In almost all areas of healthcare, AI is being increasingly deployed to address various tasks, from scheduling appointments to diagnosing the presence of lesions on scans. But because of its novelty, there is a lack of guidelines for ensuring providers know how to use these solutions effectively and safely.
Vanderbilt University Medical Center and Duke University School of Medicine are aiming to change this by developing a maturity model framework, funded by a $1.25 million grant from the Gordon and Betty Moore Foundation.
The framework will include guidelines and capabilities that organizations can use to properly assess and select the right AI solutions that best meet their needs and explain what safeguards they need to make sure they used these technologies safely. This includes comprehensively documenting which algorithms are currently deployed, their value, who is monitoring them, and who is accountable for their use.
“If we are to realize the full potential of AI technologies, health systems must develop a more mature process for implementing these tools. Improving oversight of AI technology in health care systems is crucial for ensuring the safety and efficacy of patient care,” said Michael Pencina, chief data scientist at Duke Health and the Duke School of Medicine’s vice dean for data science, in a statement.
Pencina will lead the project alongside Dr. Peter Embí, a professor and chair of the department of biomedical informatics, and senior vice president for research and innovation at VUMC; Laurie Novak, associate professor in Vanderbilt’s Department of Biomedical Informatics and director of its Center of Excellence in Applied AI; and Nicoleta Economou, director of algorithm-based clinical decision support oversight at Duke AI Health.

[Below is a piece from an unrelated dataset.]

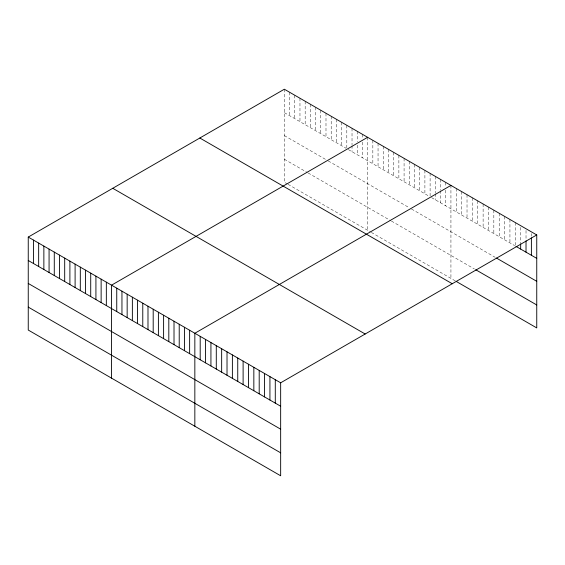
<?xml version="1.0" encoding="UTF-8"?>
<svg xmlns="http://www.w3.org/2000/svg" width="565" height="565" viewBox="0 0 565 565"><rect width="100%" height="100%" fill="white"/><g stroke="black" fill="none" stroke-linecap="round" stroke-linejoin="round"><path stroke-width="0.42" stroke-dasharray="2.83 2.12" d="M284.343 89.221L284.343 182.198L287.317 183.915M284.343 112.64L346.07 148.277M348.301 149.563L429.365 196.366M431.596 197.651L514.623 245.591M284.343 135.593L325.991 159.641M328.223 160.926L409.286 207.729M411.518 209.015L495.18 257.322M284.343 159.245L307.402 172.558M308.144 172.982L390.69 220.647M391.439 221.07L474.395 268.968M288.065 184.345L370.612 232.003M371.36 232.434L456.294 281.476M531.39 233.585L531.39 236.184M526.022 230.485L526.022 239.157M520.662 227.391L520.662 243.007M515.294 222.561L515.294 245.98M509.934 219.46L509.934 242.879M504.566 216.367L504.566 239.786M499.206 213.266L499.206 236.686M493.838 210.173L493.838 233.592M488.478 207.08L488.478 230.492M483.117 203.979L483.117 227.398M477.75 200.886L477.75 224.298M472.389 197.785L472.389 221.205M467.022 194.692L467.022 218.111M461.661 191.591L461.661 215.011M456.294 188.498L456.294 211.917M450.934 185.398L450.934 278.376M445.729 182.396L445.729 186.732M445.729 190.2L445.729 205.815M440.523 179.388L440.523 189.798M440.523 190.666L440.523 202.807M435.311 176.386L435.311 192.863M435.311 193.731L435.311 199.798M430.106 173.377L430.106 195.928M424.901 170.369L424.901 193.788M419.696 167.367L419.696 190.786M414.491 164.359L414.491 187.778M409.286 161.357L409.286 184.776M404.081 158.348L404.081 181.768M398.876 155.347L398.876 178.759M393.671 152.338L393.671 175.757M388.459 149.329L388.459 172.749M383.254 146.328L383.254 169.747M378.049 143.319L378.049 166.739M372.844 140.318L372.844 163.737M367.638 137.309L367.638 230.287M362.433 134.308L362.433 138.644M362.433 142.112L362.433 157.727M357.228 131.299L357.228 141.709M357.228 145.177L357.228 154.718M352.023 128.297L352.023 144.774M352.023 145.643L352.023 151.71M346.818 125.289L346.818 147.839M341.606 122.28L341.606 145.699M336.401 119.279L336.401 142.698M331.196 116.27L331.196 139.689M325.991 113.268L325.991 136.688M320.786 110.26L320.786 133.679M315.581 107.258L315.581 130.67M310.376 104.25L310.376 127.669M305.171 101.241L305.171 124.66M299.966 98.239L299.966 121.659M294.753 95.231L294.753 118.65M289.548 92.229L289.548 115.648"/><path stroke-width="0.85" d="M28.25 237.074L280.657 382.802L280.657 475.779L28.25 330.052L28.25 237.074L284.343 89.221L536.75 234.948L536.75 327.926L456.294 281.476M367.638 137.309L111.545 285.163L111.545 378.14M450.934 185.398L194.84 333.258L194.84 426.229M280.657 382.802L536.75 234.948M515.965 246.368L536.75 258.367M496.522 258.092L536.75 281.321M475.737 269.745L536.75 304.966M199.833 138.015L452.24 283.736M112.76 188.286L365.167 334.007M28.25 260.493L280.657 406.221M28.25 283.446L280.657 429.174M28.25 307.099L280.657 452.826M531.39 237.922L531.39 255.267M526.022 240.895L526.022 252.174M520.662 243.868L520.662 249.073M275.289 379.701L275.289 403.12M269.929 376.608L269.929 400.027M264.561 373.514L264.561 396.927M259.201 370.414L259.201 393.833M253.84 367.321L253.84 390.74M248.473 364.22L248.473 387.639M243.112 361.127L243.112 384.546M237.745 358.026L237.745 381.446M232.385 354.933L232.385 378.352M227.017 351.833L227.017 375.252M221.657 348.739L221.657 372.158M216.289 345.639L216.289 369.058M210.929 342.545L210.929 365.965M205.561 339.445L205.561 362.864M200.201 336.352L200.201 359.771M189.628 330.25L189.628 353.669M184.423 327.241L184.423 350.66M179.218 324.239L179.218 347.659M174.013 321.231L174.013 344.65M168.808 318.229L168.808 341.648M163.603 315.221L163.603 338.64M158.398 312.219L158.398 335.631M153.193 309.21L153.193 332.63M147.988 306.202L147.988 329.621M142.775 303.2L142.775 326.619M137.57 300.192L137.57 323.611M132.365 297.19L132.365 320.609M127.16 294.181L127.16 317.601M121.955 291.18L121.955 314.592M116.75 288.171L116.75 311.59M106.34 282.161L106.34 305.58M101.135 279.152L101.135 302.572M95.923 276.151L95.923 299.57M90.718 273.142L90.718 296.561M85.513 270.141L85.513 293.553M80.308 267.132L80.308 290.551M75.103 264.123L75.103 287.543M69.898 261.122L69.898 284.541M64.692 258.113L64.692 281.532M59.487 255.112L59.487 278.531M54.282 252.103L54.282 275.522M49.07 249.101L49.07 272.521M43.865 246.093L43.865 269.512M38.66 243.091L38.66 266.503M33.455 240.083L33.455 263.502"/></g></svg>

All four will work over the next year with the Coalition for Health AI (CHAI), a community of academic health systems, organizations, and expert practitioners creating standards and reporting guides for Health AI; the University of Iowa; and various health systems to identify components to include in the framework.
“Creating a maturity model framework for health AI will enable health systems to identify their strengths and weaknesses when procuring and deploying AI solutions, ultimately driving the transformation of healthcare for the better,” said Economou.